■ Problem details: Please look for the string "Inport" below and report every line in which it occurs.

■ Dataset excerpts:
========

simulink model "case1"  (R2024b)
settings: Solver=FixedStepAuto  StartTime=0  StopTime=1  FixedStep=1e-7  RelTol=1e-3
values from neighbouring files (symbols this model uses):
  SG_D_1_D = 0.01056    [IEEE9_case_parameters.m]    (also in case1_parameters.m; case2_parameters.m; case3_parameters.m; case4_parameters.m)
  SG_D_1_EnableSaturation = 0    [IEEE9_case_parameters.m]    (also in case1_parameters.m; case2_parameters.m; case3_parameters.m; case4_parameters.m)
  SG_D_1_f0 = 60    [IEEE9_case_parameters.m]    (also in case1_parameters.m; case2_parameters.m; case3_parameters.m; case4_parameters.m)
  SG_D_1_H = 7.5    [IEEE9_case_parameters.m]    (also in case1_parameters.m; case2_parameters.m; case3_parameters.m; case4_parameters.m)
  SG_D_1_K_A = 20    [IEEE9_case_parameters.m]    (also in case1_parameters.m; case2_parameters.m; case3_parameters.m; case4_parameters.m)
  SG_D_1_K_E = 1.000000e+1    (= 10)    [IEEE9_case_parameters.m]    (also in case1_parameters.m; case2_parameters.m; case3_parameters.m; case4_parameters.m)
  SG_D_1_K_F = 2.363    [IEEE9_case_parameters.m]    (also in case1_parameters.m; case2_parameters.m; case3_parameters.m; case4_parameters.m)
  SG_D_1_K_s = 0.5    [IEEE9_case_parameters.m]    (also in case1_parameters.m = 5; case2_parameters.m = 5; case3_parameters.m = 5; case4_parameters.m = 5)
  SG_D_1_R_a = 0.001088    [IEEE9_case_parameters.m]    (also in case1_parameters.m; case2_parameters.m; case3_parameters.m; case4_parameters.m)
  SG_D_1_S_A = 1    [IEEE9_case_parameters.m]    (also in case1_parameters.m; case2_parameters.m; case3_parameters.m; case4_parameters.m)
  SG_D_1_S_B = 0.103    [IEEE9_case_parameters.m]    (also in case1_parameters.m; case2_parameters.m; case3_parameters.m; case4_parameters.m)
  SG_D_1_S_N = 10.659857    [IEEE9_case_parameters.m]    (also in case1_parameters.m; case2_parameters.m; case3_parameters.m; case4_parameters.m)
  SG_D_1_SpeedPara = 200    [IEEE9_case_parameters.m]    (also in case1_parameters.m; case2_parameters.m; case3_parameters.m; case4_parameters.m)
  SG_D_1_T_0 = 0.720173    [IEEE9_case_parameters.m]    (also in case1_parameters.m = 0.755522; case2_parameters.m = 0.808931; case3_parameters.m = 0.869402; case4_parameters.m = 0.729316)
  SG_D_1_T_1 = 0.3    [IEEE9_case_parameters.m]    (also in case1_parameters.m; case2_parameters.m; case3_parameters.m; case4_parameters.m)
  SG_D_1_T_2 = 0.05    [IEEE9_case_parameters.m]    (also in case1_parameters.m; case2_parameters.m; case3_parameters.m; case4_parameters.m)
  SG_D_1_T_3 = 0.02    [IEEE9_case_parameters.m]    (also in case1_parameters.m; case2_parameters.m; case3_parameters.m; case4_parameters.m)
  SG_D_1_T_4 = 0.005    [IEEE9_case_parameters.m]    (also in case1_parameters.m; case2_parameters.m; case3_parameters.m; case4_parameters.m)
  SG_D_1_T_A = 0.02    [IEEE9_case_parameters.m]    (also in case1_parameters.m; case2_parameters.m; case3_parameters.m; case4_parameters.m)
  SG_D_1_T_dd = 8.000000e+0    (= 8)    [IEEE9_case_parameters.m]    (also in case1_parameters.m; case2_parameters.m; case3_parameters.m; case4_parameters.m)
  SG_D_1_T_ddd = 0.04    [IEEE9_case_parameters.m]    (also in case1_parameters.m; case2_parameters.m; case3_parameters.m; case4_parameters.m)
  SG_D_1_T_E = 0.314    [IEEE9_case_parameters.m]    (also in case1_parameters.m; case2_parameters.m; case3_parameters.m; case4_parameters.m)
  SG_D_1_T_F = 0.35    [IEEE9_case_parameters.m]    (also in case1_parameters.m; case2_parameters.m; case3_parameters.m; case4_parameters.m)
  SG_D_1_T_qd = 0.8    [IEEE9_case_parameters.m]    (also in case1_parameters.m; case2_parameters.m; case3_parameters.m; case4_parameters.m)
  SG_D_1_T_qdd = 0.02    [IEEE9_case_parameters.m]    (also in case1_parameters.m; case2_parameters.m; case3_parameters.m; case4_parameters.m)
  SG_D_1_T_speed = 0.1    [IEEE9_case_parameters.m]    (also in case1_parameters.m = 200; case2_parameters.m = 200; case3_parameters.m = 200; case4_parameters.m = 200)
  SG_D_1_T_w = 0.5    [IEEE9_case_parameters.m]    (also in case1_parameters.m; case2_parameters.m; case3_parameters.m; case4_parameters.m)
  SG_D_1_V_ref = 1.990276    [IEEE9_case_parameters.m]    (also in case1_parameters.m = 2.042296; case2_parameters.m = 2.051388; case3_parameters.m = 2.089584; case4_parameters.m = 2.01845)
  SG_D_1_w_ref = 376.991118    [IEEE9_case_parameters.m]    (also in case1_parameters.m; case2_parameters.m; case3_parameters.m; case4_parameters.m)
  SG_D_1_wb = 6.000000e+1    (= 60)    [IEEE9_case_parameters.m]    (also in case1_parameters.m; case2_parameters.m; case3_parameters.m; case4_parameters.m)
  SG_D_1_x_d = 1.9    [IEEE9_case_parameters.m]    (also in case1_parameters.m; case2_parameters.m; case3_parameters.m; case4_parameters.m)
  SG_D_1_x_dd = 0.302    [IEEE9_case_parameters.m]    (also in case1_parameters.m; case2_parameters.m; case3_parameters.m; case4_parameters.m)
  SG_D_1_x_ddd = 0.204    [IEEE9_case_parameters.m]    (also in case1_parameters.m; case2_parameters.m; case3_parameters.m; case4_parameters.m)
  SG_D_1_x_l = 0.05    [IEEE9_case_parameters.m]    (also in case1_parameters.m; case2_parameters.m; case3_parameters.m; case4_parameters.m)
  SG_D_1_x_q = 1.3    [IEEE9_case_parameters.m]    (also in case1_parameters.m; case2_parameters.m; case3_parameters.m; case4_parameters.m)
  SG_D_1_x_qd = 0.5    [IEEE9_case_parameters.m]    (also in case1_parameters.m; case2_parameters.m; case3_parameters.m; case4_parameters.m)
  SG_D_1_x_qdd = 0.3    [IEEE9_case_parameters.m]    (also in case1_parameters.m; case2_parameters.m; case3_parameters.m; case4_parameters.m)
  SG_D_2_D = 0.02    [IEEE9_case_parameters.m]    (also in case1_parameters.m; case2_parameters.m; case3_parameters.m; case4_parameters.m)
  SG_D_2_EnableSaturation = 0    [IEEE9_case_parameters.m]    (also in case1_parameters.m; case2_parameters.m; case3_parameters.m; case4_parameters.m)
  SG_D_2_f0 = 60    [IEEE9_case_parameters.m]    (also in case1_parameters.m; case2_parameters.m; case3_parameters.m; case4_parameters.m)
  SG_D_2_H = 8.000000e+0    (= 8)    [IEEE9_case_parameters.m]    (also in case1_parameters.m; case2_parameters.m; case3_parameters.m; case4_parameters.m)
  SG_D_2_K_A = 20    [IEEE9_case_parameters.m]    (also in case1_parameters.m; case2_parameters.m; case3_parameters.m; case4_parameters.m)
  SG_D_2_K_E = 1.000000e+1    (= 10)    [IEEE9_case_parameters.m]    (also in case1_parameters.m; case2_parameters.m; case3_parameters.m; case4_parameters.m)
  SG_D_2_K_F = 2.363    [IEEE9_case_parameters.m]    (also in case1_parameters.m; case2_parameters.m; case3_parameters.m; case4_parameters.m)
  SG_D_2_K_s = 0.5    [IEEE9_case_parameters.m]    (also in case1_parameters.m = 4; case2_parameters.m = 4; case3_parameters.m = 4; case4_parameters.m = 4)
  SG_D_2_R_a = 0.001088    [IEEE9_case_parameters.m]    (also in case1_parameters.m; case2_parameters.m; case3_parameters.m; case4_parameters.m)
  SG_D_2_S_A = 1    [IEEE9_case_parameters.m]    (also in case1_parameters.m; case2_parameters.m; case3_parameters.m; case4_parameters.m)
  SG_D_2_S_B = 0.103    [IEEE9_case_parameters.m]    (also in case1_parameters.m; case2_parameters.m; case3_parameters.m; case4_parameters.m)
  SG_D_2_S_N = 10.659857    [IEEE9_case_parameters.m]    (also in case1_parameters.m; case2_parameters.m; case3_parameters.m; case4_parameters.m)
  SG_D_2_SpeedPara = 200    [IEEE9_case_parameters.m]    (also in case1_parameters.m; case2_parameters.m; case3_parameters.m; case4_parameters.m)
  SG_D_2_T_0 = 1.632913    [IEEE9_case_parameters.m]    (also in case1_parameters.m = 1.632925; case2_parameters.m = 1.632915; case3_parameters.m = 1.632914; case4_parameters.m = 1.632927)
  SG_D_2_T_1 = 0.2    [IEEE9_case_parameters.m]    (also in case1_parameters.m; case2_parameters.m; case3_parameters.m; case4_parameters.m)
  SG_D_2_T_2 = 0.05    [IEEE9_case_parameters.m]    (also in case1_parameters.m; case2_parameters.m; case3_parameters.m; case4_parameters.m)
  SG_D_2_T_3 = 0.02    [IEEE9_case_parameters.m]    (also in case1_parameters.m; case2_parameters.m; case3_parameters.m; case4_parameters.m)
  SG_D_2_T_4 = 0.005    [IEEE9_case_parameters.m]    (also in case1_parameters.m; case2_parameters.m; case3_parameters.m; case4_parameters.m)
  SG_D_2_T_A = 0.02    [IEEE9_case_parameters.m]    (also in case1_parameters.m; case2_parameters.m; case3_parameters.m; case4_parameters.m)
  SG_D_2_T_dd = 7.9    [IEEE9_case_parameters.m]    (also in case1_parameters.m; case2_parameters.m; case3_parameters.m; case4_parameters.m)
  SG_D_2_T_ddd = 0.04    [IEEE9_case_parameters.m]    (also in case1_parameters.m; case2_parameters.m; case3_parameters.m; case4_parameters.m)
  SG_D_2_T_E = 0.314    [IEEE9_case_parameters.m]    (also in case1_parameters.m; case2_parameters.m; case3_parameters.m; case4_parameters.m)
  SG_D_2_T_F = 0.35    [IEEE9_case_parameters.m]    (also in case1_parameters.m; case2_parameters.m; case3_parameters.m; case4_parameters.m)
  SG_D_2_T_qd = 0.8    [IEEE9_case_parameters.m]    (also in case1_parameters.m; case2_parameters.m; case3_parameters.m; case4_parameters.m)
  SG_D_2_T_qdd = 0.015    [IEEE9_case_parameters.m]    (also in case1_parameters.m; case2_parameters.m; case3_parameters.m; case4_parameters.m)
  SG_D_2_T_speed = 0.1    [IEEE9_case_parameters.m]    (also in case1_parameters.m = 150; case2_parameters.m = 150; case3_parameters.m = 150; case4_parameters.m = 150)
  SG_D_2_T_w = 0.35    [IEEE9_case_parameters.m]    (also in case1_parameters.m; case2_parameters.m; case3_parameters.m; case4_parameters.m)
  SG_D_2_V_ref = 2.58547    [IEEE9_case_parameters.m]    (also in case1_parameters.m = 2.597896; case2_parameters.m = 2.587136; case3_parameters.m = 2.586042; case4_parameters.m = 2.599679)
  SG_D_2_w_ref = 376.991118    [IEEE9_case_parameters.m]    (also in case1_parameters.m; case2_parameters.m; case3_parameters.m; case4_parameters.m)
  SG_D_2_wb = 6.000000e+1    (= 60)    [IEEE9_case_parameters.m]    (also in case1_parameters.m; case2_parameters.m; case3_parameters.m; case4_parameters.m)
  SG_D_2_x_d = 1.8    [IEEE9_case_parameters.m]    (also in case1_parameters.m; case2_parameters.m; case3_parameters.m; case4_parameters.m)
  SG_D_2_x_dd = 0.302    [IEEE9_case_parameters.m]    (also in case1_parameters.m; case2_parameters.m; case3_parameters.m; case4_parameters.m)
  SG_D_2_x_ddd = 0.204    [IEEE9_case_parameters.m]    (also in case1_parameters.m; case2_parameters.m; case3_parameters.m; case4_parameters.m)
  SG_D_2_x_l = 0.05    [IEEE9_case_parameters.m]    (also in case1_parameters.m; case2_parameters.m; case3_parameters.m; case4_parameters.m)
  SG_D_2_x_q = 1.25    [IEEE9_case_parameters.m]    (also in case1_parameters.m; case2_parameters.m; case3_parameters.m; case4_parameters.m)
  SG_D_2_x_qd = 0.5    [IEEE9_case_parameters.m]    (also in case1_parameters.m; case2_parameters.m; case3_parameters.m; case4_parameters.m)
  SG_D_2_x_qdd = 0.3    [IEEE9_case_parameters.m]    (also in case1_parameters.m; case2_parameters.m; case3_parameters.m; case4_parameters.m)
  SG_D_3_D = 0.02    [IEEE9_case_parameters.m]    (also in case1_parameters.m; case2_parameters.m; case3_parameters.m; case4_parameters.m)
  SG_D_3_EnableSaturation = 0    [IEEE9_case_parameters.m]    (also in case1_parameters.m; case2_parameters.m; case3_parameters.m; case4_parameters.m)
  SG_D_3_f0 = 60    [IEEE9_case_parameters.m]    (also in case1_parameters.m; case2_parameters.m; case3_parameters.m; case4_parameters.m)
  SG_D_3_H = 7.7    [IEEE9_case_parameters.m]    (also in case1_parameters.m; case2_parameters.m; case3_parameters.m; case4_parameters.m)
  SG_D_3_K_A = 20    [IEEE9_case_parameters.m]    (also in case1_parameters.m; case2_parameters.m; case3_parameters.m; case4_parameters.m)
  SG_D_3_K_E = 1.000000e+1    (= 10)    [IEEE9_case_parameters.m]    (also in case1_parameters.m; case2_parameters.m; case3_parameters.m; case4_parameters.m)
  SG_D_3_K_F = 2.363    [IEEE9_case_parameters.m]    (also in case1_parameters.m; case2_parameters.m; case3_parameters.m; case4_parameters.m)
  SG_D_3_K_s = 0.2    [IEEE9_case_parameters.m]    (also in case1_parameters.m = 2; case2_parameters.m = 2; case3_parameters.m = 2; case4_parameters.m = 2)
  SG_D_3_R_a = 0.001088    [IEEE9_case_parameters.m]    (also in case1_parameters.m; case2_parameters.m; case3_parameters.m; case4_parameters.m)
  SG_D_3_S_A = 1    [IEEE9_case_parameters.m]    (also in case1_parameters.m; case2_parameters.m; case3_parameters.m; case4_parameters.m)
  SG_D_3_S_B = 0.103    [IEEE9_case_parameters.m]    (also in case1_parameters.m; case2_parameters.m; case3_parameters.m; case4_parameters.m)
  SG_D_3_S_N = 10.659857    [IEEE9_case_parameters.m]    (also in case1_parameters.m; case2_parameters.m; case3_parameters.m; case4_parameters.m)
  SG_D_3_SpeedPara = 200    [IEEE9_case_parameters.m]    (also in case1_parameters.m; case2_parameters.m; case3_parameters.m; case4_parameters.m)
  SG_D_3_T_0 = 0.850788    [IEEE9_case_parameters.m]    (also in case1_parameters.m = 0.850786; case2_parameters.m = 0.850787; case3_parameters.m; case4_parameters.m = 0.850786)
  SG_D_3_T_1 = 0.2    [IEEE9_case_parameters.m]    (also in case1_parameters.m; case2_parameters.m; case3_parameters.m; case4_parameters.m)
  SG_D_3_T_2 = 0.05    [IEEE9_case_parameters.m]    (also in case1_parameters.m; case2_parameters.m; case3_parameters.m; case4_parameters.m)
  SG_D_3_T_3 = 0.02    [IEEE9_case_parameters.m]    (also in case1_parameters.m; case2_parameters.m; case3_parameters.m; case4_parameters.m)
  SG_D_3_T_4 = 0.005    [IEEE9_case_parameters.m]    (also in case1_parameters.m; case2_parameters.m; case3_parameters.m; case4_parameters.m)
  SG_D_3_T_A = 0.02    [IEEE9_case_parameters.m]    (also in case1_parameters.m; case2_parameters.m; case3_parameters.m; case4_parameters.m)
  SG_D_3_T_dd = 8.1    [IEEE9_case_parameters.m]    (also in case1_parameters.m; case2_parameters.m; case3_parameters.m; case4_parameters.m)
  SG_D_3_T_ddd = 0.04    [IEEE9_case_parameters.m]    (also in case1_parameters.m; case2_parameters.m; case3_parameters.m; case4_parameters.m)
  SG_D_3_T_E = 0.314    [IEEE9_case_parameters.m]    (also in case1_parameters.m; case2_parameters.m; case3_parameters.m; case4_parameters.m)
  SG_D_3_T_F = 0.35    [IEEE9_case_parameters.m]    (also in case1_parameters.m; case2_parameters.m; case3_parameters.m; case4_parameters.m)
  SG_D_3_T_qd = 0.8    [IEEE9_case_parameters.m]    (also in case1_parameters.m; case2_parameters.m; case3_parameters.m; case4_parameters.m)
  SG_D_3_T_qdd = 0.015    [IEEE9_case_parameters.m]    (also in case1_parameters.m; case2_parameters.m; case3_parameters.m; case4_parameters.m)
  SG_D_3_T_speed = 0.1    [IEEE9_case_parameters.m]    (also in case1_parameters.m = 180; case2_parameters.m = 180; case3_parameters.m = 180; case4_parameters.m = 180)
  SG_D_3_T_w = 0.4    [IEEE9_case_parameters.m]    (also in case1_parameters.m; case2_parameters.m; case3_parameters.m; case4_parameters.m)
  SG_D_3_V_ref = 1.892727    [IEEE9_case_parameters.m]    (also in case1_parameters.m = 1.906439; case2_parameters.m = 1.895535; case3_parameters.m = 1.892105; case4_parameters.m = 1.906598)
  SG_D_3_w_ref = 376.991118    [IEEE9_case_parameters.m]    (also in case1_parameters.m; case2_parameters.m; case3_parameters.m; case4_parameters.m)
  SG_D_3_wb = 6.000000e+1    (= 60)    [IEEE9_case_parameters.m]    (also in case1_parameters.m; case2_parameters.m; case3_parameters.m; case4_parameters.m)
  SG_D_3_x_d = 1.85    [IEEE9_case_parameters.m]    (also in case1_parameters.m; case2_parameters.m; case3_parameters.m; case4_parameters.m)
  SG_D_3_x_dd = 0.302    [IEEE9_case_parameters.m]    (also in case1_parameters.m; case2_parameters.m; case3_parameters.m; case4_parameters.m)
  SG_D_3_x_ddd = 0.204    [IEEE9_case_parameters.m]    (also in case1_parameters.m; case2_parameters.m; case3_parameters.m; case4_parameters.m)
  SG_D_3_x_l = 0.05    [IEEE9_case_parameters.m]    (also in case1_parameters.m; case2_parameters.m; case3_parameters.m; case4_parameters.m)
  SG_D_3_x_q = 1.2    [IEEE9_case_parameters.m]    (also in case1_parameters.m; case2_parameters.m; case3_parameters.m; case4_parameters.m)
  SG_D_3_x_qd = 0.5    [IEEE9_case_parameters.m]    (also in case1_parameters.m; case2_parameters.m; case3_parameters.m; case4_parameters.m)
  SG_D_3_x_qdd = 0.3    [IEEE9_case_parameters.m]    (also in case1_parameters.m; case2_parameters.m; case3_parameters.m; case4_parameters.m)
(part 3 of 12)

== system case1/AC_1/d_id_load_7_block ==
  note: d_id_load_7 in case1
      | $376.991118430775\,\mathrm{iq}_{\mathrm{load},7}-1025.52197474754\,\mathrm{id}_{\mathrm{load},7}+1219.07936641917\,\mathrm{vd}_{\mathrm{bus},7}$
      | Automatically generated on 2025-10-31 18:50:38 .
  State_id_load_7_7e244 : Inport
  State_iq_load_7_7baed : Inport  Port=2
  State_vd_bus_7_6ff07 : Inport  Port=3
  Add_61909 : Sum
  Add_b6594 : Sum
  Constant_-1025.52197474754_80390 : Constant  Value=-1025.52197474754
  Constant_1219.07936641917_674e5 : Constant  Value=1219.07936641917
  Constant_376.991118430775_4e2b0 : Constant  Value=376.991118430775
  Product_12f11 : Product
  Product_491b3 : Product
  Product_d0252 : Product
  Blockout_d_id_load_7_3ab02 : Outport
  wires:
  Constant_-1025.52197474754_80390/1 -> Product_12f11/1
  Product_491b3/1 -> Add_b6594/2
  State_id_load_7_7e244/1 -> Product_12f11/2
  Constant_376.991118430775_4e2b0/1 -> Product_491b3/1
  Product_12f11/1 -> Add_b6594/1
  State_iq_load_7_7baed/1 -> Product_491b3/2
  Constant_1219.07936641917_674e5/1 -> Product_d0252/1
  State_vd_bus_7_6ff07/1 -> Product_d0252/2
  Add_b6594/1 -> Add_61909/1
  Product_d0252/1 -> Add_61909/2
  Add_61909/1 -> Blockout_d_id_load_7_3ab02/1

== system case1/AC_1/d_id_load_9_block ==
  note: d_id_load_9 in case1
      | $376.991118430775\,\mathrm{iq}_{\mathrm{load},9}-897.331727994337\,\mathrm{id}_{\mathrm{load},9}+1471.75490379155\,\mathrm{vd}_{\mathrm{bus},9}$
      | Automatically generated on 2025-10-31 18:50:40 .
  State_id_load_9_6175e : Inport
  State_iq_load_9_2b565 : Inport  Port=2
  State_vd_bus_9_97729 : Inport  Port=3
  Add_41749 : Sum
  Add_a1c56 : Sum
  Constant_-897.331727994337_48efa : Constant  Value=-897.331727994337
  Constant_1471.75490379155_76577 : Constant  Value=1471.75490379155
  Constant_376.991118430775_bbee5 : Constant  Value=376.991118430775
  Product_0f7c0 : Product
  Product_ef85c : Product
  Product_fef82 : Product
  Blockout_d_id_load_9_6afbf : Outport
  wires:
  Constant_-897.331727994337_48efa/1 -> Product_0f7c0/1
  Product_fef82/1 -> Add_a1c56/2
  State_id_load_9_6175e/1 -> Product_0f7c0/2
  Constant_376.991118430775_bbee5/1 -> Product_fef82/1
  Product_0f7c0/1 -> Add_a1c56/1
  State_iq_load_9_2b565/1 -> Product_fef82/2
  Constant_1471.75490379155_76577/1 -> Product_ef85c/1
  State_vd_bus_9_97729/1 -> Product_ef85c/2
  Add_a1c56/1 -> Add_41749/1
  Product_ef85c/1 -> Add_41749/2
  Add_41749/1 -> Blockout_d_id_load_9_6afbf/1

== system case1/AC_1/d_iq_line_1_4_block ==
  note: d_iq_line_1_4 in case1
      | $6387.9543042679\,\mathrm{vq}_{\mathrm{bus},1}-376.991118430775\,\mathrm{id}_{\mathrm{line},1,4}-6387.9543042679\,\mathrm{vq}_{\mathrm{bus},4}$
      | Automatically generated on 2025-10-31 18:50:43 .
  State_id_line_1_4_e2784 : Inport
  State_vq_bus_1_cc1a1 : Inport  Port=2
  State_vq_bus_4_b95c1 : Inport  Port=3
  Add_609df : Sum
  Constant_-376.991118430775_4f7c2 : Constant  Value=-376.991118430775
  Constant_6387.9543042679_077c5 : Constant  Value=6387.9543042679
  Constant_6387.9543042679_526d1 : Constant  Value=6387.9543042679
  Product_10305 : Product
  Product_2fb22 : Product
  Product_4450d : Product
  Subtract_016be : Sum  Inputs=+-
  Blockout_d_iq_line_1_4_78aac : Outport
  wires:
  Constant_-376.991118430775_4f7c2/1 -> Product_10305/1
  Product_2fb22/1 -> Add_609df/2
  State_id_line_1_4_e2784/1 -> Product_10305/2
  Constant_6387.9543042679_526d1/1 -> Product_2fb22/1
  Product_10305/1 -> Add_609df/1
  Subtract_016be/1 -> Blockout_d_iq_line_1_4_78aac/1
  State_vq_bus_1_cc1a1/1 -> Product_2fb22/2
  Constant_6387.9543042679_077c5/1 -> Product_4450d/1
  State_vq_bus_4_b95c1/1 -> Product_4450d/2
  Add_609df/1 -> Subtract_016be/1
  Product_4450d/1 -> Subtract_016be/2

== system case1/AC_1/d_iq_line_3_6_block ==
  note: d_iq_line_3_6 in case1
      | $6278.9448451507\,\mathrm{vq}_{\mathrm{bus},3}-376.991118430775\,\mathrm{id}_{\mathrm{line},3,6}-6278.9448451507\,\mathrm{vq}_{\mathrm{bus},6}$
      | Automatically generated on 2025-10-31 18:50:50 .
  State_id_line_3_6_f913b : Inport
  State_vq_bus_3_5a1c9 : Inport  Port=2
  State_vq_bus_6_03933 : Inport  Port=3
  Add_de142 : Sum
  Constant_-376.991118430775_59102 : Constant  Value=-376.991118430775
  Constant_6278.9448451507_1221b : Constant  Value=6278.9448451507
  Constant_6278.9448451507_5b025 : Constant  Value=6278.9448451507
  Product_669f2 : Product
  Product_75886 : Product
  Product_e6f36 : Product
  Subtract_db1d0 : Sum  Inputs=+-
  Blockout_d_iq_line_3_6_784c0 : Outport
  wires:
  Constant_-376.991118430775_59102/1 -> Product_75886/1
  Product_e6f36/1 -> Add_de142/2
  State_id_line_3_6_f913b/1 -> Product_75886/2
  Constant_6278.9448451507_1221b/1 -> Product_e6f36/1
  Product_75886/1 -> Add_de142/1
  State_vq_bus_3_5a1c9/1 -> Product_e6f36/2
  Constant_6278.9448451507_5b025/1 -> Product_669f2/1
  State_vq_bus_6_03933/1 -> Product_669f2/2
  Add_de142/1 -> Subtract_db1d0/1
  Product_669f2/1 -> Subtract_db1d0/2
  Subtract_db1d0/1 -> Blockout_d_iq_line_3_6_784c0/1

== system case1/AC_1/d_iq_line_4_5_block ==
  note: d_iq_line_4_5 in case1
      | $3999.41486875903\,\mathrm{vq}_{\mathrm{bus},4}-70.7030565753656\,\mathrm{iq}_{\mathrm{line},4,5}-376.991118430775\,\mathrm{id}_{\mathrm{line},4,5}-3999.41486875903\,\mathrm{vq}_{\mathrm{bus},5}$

========

■ Output of the task:
  State_id_load_7_7e244 : Inport
  State_iq_load_7_7baed : Inport  Port=2
  State_vd_bus_7_6ff07 : Inport  Port=3
  State_id_load_9_6175e : Inport
  State_iq_load_9_2b565 : Inport  Port=2
  State_vd_bus_9_97729 : Inport  Port=3
  State_id_line_1_4_e2784 : Inport
  State_vq_bus_1_cc1a1 : Inport  Port=2
  State_vq_bus_4_b95c1 : Inport  Port=3
  State_id_line_3_6_f913b : Inport
  State_vq_bus_3_5a1c9 : Inport  Port=2
  State_vq_bus_6_03933 : Inport  Port=3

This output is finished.